EXERCISE PROMPT
From the entries below, retype only the lines from the one with "#51=PLANE('',#50);" through the one with "#64=VECTOR('',#63,1.);", exactly as written.

= = = = = = =

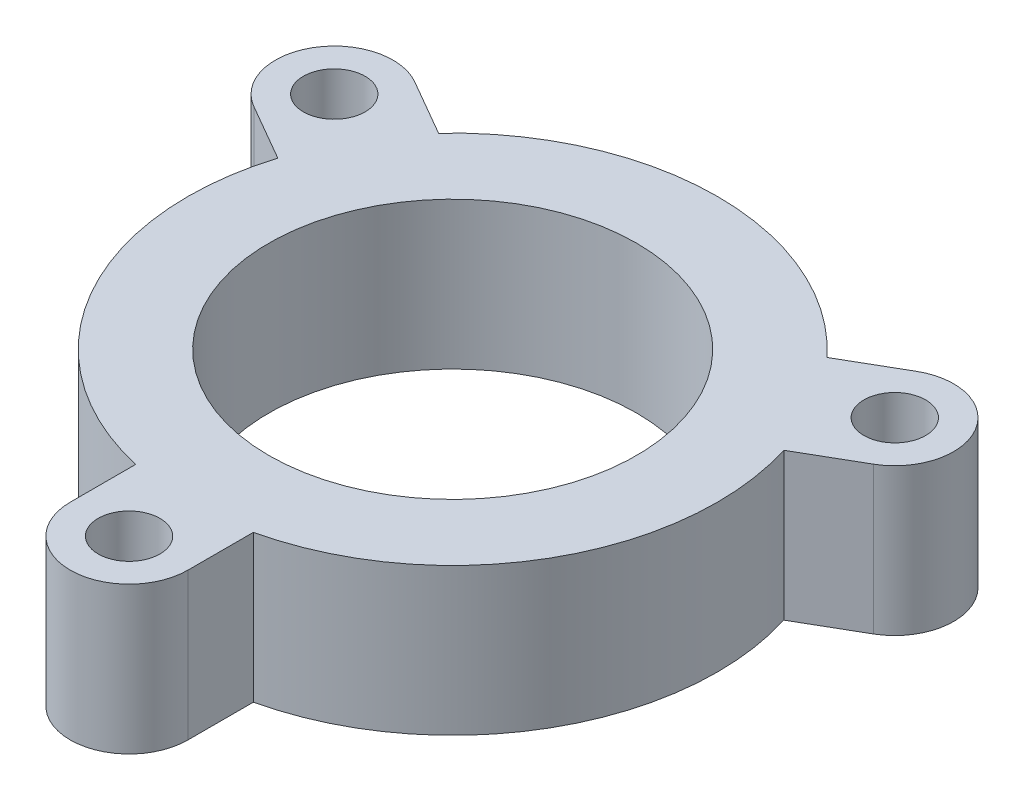
ISO-10303-21;
HEADER;
FILE_DESCRIPTION(('STEP AP214'),'2;1');
FILE_NAME('part.step','',(''),(''),'','','');
FILE_SCHEMA(('AUTOMOTIVE_DESIGN { 1 0 10303 214 1 1 1 1 }'));
ENDSEC;
DATA;
#1=APPLICATION_CONTEXT('core data for automotive mechanical design processes');
#2=APPLICATION_PROTOCOL_DEFINITION('international standard','automotive_design',2000,#1);
#3=PRODUCT_CONTEXT('',#1,'mechanical');
#4=PRODUCT('Part','Part','',(#3));
#5=PRODUCT_RELATED_PRODUCT_CATEGORY('part','',(#4));
#6=PRODUCT_DEFINITION_FORMATION('','',#4);
#7=PRODUCT_DEFINITION_CONTEXT('part definition',#1,'design');
#8=PRODUCT_DEFINITION('design','',#6,#7);
#9=PRODUCT_DEFINITION_SHAPE('','',#8);
#10=(LENGTH_UNIT() NAMED_UNIT(*) SI_UNIT(.MILLI.,.METRE.));
#11=(NAMED_UNIT(*) PLANE_ANGLE_UNIT() SI_UNIT($,.RADIAN.));
#12=(NAMED_UNIT(*) SI_UNIT($,.STERADIAN.) SOLID_ANGLE_UNIT());
#13=UNCERTAINTY_MEASURE_WITH_UNIT(LENGTH_MEASURE(1.E-05),#10,'distance_accuracy_value','');
#14=(GEOMETRIC_REPRESENTATION_CONTEXT(3) GLOBAL_UNCERTAINTY_ASSIGNED_CONTEXT((#13)) GLOBAL_UNIT_ASSIGNED_CONTEXT((#10,
#11,#12)) REPRESENTATION_CONTEXT('',''));
#15=CARTESIAN_POINT('',(0.,0.,0.));
#16=DIRECTION('',(0.,0.,1.));
#17=DIRECTION('',(1.,0.,0.));
#18=AXIS2_PLACEMENT_3D('',#15,#16,#17);
#19=CARTESIAN_POINT('',(0.,10.,22.));
#20=DIRECTION('',(0.,-1.,0.));
#21=DIRECTION('',(0.,0.,-1.));
#22=AXIS2_PLACEMENT_3D('',#19,#20,#21);
#23=CYLINDRICAL_SURFACE('',#22,2.1);
#24=CARTESIAN_POINT('',(0.,10.,22.));
#25=DIRECTION('',(0.,1.,0.));
#26=DIRECTION('',(0.,0.,1.));
#27=AXIS2_PLACEMENT_3D('',#24,#25,#26);
#28=CIRCLE('',#27,2.1);
#29=CARTESIAN_POINT('',(0.,10.,24.1));
#30=VERTEX_POINT('',#29);
#31=EDGE_CURVE('E242',#30,#30,#28,.T.);
#32=ORIENTED_EDGE('',*,*,#31,.T.);
#33=EDGE_LOOP('',(#32));
#34=FACE_BOUND('',#33,.T.);
#35=CARTESIAN_POINT('',(0.,0.,22.));
#36=DIRECTION('',(0.,1.,0.));
#37=DIRECTION('',(0.,0.,1.));
#38=AXIS2_PLACEMENT_3D('',#35,#36,#37);
#39=CIRCLE('',#38,2.1);
#40=CARTESIAN_POINT('',(0.,0.,24.1));
#41=VERTEX_POINT('',#40);
#42=EDGE_CURVE('E279',#41,#41,#39,.T.);
#43=ORIENTED_EDGE('',*,*,#42,.F.);
#44=EDGE_LOOP('',(#43));
#45=FACE_BOUND('',#44,.T.);
#46=ADVANCED_FACE('F118',(#34,#45),#23,.F.);
#47=CARTESIAN_POINT('',(0.,0.,0.));
#48=DIRECTION('',(0.,1.,0.));
#49=DIRECTION('',(0.,0.,1.));
#50=AXIS2_PLACEMENT_3D('',#47,#48,#49);
#51=PLANE('',#50);
#52=CARTESIAN_POINT('',(0.,0.,22.));
#53=DIRECTION('',(0.,1.,0.));
#54=DIRECTION('',(0.,0.,1.));
#55=AXIS2_PLACEMENT_3D('',#52,#53,#54);
#56=CIRCLE('',#55,4.);
#57=CARTESIAN_POINT('',(-4.,0.,22.));
#58=VERTEX_POINT('',#57);
#59=CARTESIAN_POINT('',(4.,0.,22.));
#60=VERTEX_POINT('',#59);
#61=EDGE_CURVE('E254',#58,#60,#56,.T.);
#62=ORIENTED_EDGE('',*,*,#61,.F.);
#63=DIRECTION('',(0.,0.,-1.));
#64=VECTOR('',#63,1.);
#65=CARTESIAN_POINT('',(-4.,0.,0.));
#66=LINE('',#65,#64);
#67=CARTESIAN_POINT('',(-4.,0.,17.5499287747842));
#68=VERTEX_POINT('',#67);
#69=EDGE_CURVE('E251',#58,#68,#66,.T.);
#70=ORIENTED_EDGE('',*,*,#69,.T.);
#71=CARTESIAN_POINT('',(0.,0.,0.));
#72=DIRECTION('',(0.,1.,0.));
#73=DIRECTION('',(0.,0.,1.));
#74=AXIS2_PLACEMENT_3D('',#71,#72,#73);
#75=CIRCLE('',#74,18.);
#76=CARTESIAN_POINT('',(-17.1986841535706,0.,-5.31086277225445));
#77=VERTEX_POINT('',#76);
#78=EDGE_CURVE('E263',#77,#68,#75,.T.);
#79=ORIENTED_EDGE('',*,*,#78,.F.);
#80=DIRECTION('',(0.866025403784436,0.,0.500000000000004));
#81=VECTOR('',#80,1.);
#82=CARTESIAN_POINT('',(-2.00000000000001,0.,3.46410161513774));
#83=LINE('',#82,#81);
#84=CARTESIAN_POINT('',(-21.0525588832576,0.,-7.53589838486234));
#85=VERTEX_POINT('',#84);
#86=EDGE_CURVE('E175',#85,#77,#83,.T.);
#87=ORIENTED_EDGE('',*,*,#86,.F.);
#88=CARTESIAN_POINT('',(-19.0525588832576,0.,-11.0000000000001));
#89=DIRECTION('',(0.,1.,0.));
#90=DIRECTION('',(0.,0.,1.));
#91=AXIS2_PLACEMENT_3D('',#88,#89,#90);
#92=CIRCLE('',#91,4.);
#93=CARTESIAN_POINT('',(-17.0525588832576,0.,-14.4641016151378));
#94=VERTEX_POINT('',#93);
#95=EDGE_CURVE('E228',#94,#85,#92,.T.);
#96=ORIENTED_EDGE('',*,*,#95,.F.);
#97=DIRECTION('',(0.866025403784436,0.,0.500000000000004));
#98=VECTOR('',#97,1.);
#99=CARTESIAN_POINT('',(2.00000000000002,0.,-3.46410161513775));
#100=LINE('',#99,#98);
#101=CARTESIAN_POINT('',(-13.1986841535706,0.,-12.2390660025299));
#102=VERTEX_POINT('',#101);
#103=EDGE_CURVE('E271',#94,#102,#100,.T.);
#104=ORIENTED_EDGE('',*,*,#103,.T.);
#105=CARTESIAN_POINT('',(13.1986841535708,0.,-12.2390660025298));
#106=VERTEX_POINT('',#105);
#107=EDGE_CURVE('E264',#106,#102,#75,.T.);
#108=ORIENTED_EDGE('',*,*,#107,.F.);
#109=DIRECTION('',(-0.866025403784443,0.,0.499999999999992));
#110=VECTOR('',#109,1.);
#111=CARTESIAN_POINT('',(-1.99999999999997,0.,-3.46410161513777));
#112=LINE('',#111,#110);
#113=CARTESIAN_POINT('',(17.0525588832578,0.,-14.4641016151376));
#114=VERTEX_POINT('',#113);
#115=EDGE_CURVE('E269',#114,#106,#112,.T.);
#116=ORIENTED_EDGE('',*,*,#115,.F.);
#117=CARTESIAN_POINT('',(19.0525588832578,0.,-10.9999999999998));
#118=DIRECTION('',(0.,1.,0.));
#119=DIRECTION('',(0.,0.,1.));
#120=AXIS2_PLACEMENT_3D('',#117,#118,#119);
#121=CIRCLE('',#120,4.);
#122=CARTESIAN_POINT('',(21.0525588832577,0.,-7.53589838486205));
#123=VERTEX_POINT('',#122);
#124=EDGE_CURVE('E267',#123,#114,#121,.T.);
#125=ORIENTED_EDGE('',*,*,#124,.F.);
#126=DIRECTION('',(-0.866025403784443,0.,0.499999999999992));
#127=VECTOR('',#126,1.);
#128=CARTESIAN_POINT('',(1.99999999999997,0.,3.46410161513777));
#129=LINE('',#128,#127);
#130=CARTESIAN_POINT('',(17.1986841535707,0.,-5.31086277225421));
#131=VERTEX_POINT('',#130);
#132=EDGE_CURVE('E262',#123,#131,#129,.T.);
#133=ORIENTED_EDGE('',*,*,#132,.T.);
#134=CARTESIAN_POINT('',(4.,0.,17.5499287747842));
#135=VERTEX_POINT('',#134);
#136=EDGE_CURVE('E259',#135,#131,#75,.T.);
#137=ORIENTED_EDGE('',*,*,#136,.F.);
#138=DIRECTION('',(0.,0.,-1.));
#139=VECTOR('',#138,1.);
#140=CARTESIAN_POINT('',(4.,0.,0.));
#141=LINE('',#140,#139);
#142=EDGE_CURVE('E257',#60,#135,#141,.T.);
#143=ORIENTED_EDGE('',*,*,#142,.F.);
#144=EDGE_LOOP('',(#62,#70,#79,#87,#96,#104,#108,#116,#125,#133,#137,#143));
#145=FACE_BOUND('',#144,.T.);
#146=ORIENTED_EDGE('',*,*,#42,.T.);
#147=EDGE_LOOP('',(#146));
#148=FACE_BOUND('',#147,.T.);
#149=CARTESIAN_POINT('',(-19.0525588832576,0.,-11.0000000000001));
#150=DIRECTION('',(0.,1.,0.));
#151=DIRECTION('',(0.,0.,1.));
#152=AXIS2_PLACEMENT_3D('',#149,#150,#151);
#153=CIRCLE('',#152,2.1);
#154=CARTESIAN_POINT('',(-19.0525588832576,0.,-8.90000000000009));
#155=VERTEX_POINT('',#154);
#156=EDGE_CURVE('E285',#155,#155,#153,.T.);
#157=ORIENTED_EDGE('',*,*,#156,.T.);
#158=EDGE_LOOP('',(#157));
#159=FACE_BOUND('',#158,.T.);
#160=CARTESIAN_POINT('',(19.0525588832578,0.,-10.9999999999998));
#161=DIRECTION('',(0.,1.,0.));
#162=DIRECTION('',(0.,0.,1.));
#163=AXIS2_PLACEMENT_3D('',#160,#161,#162);
#164=CIRCLE('',#163,2.1);
#165=CARTESIAN_POINT('',(19.0525588832578,0.,-8.89999999999982));
#166=VERTEX_POINT('',#165);
#167=EDGE_CURVE('E282',#166,#166,#164,.T.);
#168=ORIENTED_EDGE('',*,*,#167,.T.);
#169=EDGE_LOOP('',(#168));
#170=FACE_BOUND('',#169,.T.);
#171=CARTESIAN_POINT('',(0.,0.,0.));
#172=DIRECTION('',(0.,1.,0.));
#173=DIRECTION('',(0.,0.,1.));
#174=AXIS2_PLACEMENT_3D('',#171,#172,#173);
#175=CIRCLE('',#174,12.5);
#176=CARTESIAN_POINT('',(0.,0.,12.5));
#177=VERTEX_POINT('',#176);
#178=EDGE_CURVE('E276',#177,#177,#175,.T.);
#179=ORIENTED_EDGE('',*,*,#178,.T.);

= = = = = = =

OUTPUT BELOW
#51=PLANE('',#50);
#52=CARTESIAN_POINT('',(0.,0.,22.));
#53=DIRECTION('',(0.,1.,0.));
#54=DIRECTION('',(0.,0.,1.));
#55=AXIS2_PLACEMENT_3D('',#52,#53,#54);
#56=CIRCLE('',#55,4.);
#57=CARTESIAN_POINT('',(-4.,0.,22.));
#58=VERTEX_POINT('',#57);
#59=CARTESIAN_POINT('',(4.,0.,22.));
#60=VERTEX_POINT('',#59);
#61=EDGE_CURVE('E254',#58,#60,#56,.T.);
#62=ORIENTED_EDGE('',*,*,#61,.F.);
#63=DIRECTION('',(0.,0.,-1.));
#64=VECTOR('',#63,1.);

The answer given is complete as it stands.